It froze again today (it now freezes at least once a day) so I switched to nv. (For some reason, the fonts with nv are horrendous but this should tell me whether or not nvidia-drivers is the problem.)

Thanks for your help.

----------

## cfgauss

 *Quote:*   

> It froze again today (it now freezes at least once a day) so I switched to nv. (For some reason, the fonts with nv are horrendous but this should tell me whether or not nvidia-drivers is the problem.)
> 
> 

 

In about an hour, it froze with nv, so it's not that. Are there other things I can try to exclude as possible causes?

Thanks.

----------

## cfgauss

I left town for two days so I booted the box in single-user mode and just started the networking subsystem, net.eth0, net.eth1, sshd, and shorewall, so that it could act as gateway for other boxes at home. I.e. the box just had a console interface, no GUI.

It crashed while I was gone. I'm running memtest86 now to see if it reports memory errors.

I'm at a loss how to proceed from here. Do I need to run mprime to test memory? I have Windows XP on another partition. Do I run that for a while to see if it crashes? If it does, I presume there's some hardware failure but how do I determine which hardware needs to be replaced?

I don't have very much experience with debugging this kind of failure and I rely on this box to do my work. Any pointers on how to proceed will be gratefully appreciated.

Thanks.

----------

## DirtyHairy

Well, I'm no expert here either, but even if Windows run fine, it can still be a hardware error, windows has a reputation of being more tolerant with respect to hardware glitches. You could try pulling out and swapping memory to see if it helps.

----------

## cfgauss

 *DirtyHairy wrote:*   

> Well, I'm no expert here either, but even if Windows run fine, it can still be a hardware error, windows has a reputation of being more tolerant with respect to hardware glitches. You could try pulling out and swapping memory to see if it helps.

 

memtest86 ran without errors for 8 hours. Is that a sufficient test of memory or would I need to swap memory sticks (if I can find some others) as you suggest?

----------

## cfgauss

I ran Windows XP for 12 hours. It then rebooted itself into Gentoo (grub's default) while I was away from the box for 30 mins. and immediately froze at the kdm login window. Since the rebooting seemed a fluke to me, I restarted XP and it ran continuously for 34 hours so I assumed that my hardware is OK and rebooted Gentoo in single-user mode with no services running.
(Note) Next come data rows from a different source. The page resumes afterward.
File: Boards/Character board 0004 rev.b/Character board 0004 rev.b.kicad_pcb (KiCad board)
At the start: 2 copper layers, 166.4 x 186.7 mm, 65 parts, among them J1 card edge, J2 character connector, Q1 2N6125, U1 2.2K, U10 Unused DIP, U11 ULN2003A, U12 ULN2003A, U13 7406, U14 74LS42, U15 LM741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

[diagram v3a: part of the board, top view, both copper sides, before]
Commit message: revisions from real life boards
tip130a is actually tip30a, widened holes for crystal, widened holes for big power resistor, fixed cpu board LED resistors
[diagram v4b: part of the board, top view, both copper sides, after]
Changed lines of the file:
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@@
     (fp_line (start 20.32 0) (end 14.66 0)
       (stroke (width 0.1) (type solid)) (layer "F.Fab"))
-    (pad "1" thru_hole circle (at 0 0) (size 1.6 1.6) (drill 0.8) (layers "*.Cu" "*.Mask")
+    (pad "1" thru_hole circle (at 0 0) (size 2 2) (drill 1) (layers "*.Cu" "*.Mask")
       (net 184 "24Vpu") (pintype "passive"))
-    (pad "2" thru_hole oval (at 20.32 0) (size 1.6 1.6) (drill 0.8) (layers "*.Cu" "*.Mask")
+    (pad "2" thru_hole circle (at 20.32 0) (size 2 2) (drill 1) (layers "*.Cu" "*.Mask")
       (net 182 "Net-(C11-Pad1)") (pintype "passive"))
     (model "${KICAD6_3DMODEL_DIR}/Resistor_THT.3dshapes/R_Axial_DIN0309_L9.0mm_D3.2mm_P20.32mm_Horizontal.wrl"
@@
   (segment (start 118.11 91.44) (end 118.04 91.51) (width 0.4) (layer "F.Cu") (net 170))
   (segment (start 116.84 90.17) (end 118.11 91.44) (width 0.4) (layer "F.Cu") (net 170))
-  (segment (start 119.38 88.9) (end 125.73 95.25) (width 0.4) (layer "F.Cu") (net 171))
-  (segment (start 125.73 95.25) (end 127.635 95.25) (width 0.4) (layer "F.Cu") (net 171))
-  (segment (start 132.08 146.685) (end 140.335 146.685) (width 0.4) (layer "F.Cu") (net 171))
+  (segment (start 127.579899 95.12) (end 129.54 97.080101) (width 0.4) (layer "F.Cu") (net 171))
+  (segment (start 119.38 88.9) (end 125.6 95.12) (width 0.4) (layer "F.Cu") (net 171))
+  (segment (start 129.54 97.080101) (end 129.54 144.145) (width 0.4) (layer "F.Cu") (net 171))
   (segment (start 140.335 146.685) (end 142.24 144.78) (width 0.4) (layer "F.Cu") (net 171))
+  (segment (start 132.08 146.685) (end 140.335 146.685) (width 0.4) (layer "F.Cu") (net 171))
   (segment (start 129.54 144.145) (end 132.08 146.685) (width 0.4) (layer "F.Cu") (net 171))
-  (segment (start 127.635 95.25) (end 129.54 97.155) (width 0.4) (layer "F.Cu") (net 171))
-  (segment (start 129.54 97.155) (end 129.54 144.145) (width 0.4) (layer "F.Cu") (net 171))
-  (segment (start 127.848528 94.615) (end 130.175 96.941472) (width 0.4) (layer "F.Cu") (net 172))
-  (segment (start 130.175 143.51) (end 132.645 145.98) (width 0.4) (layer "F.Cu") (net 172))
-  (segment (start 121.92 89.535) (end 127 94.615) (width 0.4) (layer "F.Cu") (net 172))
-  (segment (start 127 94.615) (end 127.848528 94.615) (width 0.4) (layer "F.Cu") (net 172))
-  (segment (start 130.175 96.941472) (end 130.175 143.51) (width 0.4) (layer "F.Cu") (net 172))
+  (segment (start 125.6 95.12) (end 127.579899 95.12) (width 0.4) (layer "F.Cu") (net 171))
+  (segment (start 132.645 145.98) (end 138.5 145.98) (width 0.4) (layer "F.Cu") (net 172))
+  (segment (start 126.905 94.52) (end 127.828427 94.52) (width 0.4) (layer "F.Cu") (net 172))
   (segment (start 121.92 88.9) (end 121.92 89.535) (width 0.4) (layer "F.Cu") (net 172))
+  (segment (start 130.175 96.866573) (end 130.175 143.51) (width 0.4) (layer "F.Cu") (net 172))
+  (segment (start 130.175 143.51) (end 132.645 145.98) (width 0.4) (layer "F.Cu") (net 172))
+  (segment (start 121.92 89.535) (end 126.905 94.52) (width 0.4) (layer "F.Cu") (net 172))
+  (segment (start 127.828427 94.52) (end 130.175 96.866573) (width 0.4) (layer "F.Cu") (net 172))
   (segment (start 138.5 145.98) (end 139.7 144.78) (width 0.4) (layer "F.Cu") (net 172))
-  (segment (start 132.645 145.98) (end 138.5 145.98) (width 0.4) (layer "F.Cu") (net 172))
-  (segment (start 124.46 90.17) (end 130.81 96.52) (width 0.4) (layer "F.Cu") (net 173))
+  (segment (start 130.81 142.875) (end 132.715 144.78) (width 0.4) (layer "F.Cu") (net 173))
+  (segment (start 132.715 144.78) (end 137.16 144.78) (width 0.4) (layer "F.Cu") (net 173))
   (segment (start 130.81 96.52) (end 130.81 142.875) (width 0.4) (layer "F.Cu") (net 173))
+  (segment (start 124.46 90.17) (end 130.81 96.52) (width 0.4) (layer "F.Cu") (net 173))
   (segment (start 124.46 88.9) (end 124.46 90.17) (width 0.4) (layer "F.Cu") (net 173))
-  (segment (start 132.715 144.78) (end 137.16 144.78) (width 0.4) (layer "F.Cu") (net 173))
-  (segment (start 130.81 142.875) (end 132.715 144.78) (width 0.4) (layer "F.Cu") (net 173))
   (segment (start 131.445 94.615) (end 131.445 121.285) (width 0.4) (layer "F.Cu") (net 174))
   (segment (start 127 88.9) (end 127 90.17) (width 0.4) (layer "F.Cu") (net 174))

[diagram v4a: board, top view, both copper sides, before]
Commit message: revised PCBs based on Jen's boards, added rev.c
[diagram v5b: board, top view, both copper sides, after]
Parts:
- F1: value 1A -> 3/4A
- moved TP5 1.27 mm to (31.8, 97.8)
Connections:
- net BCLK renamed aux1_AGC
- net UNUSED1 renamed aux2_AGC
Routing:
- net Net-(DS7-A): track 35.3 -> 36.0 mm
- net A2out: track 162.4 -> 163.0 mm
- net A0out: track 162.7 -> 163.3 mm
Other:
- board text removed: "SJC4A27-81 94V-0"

Is it correct to assume that 34 lockup-free hours under XP "proves" the hardware's OK? I have a spare box with almost the same hardware and could swap hardware.

If so, can I conclude that it's a faulty Linux driver and, if  so, how do I find it and get a replacement?

I'm at a loss how to proceed from here and would gratefully receive pointers.

Thanks.

----------

## DirtyHairy

Well, as I said, I wouldn't take the fact that windows runs fine as a gurantee that the hardware is OK. There are also people that claim that memtest86 didn't find some hardware flaw for them, allthough I (luckily) can't share this experience.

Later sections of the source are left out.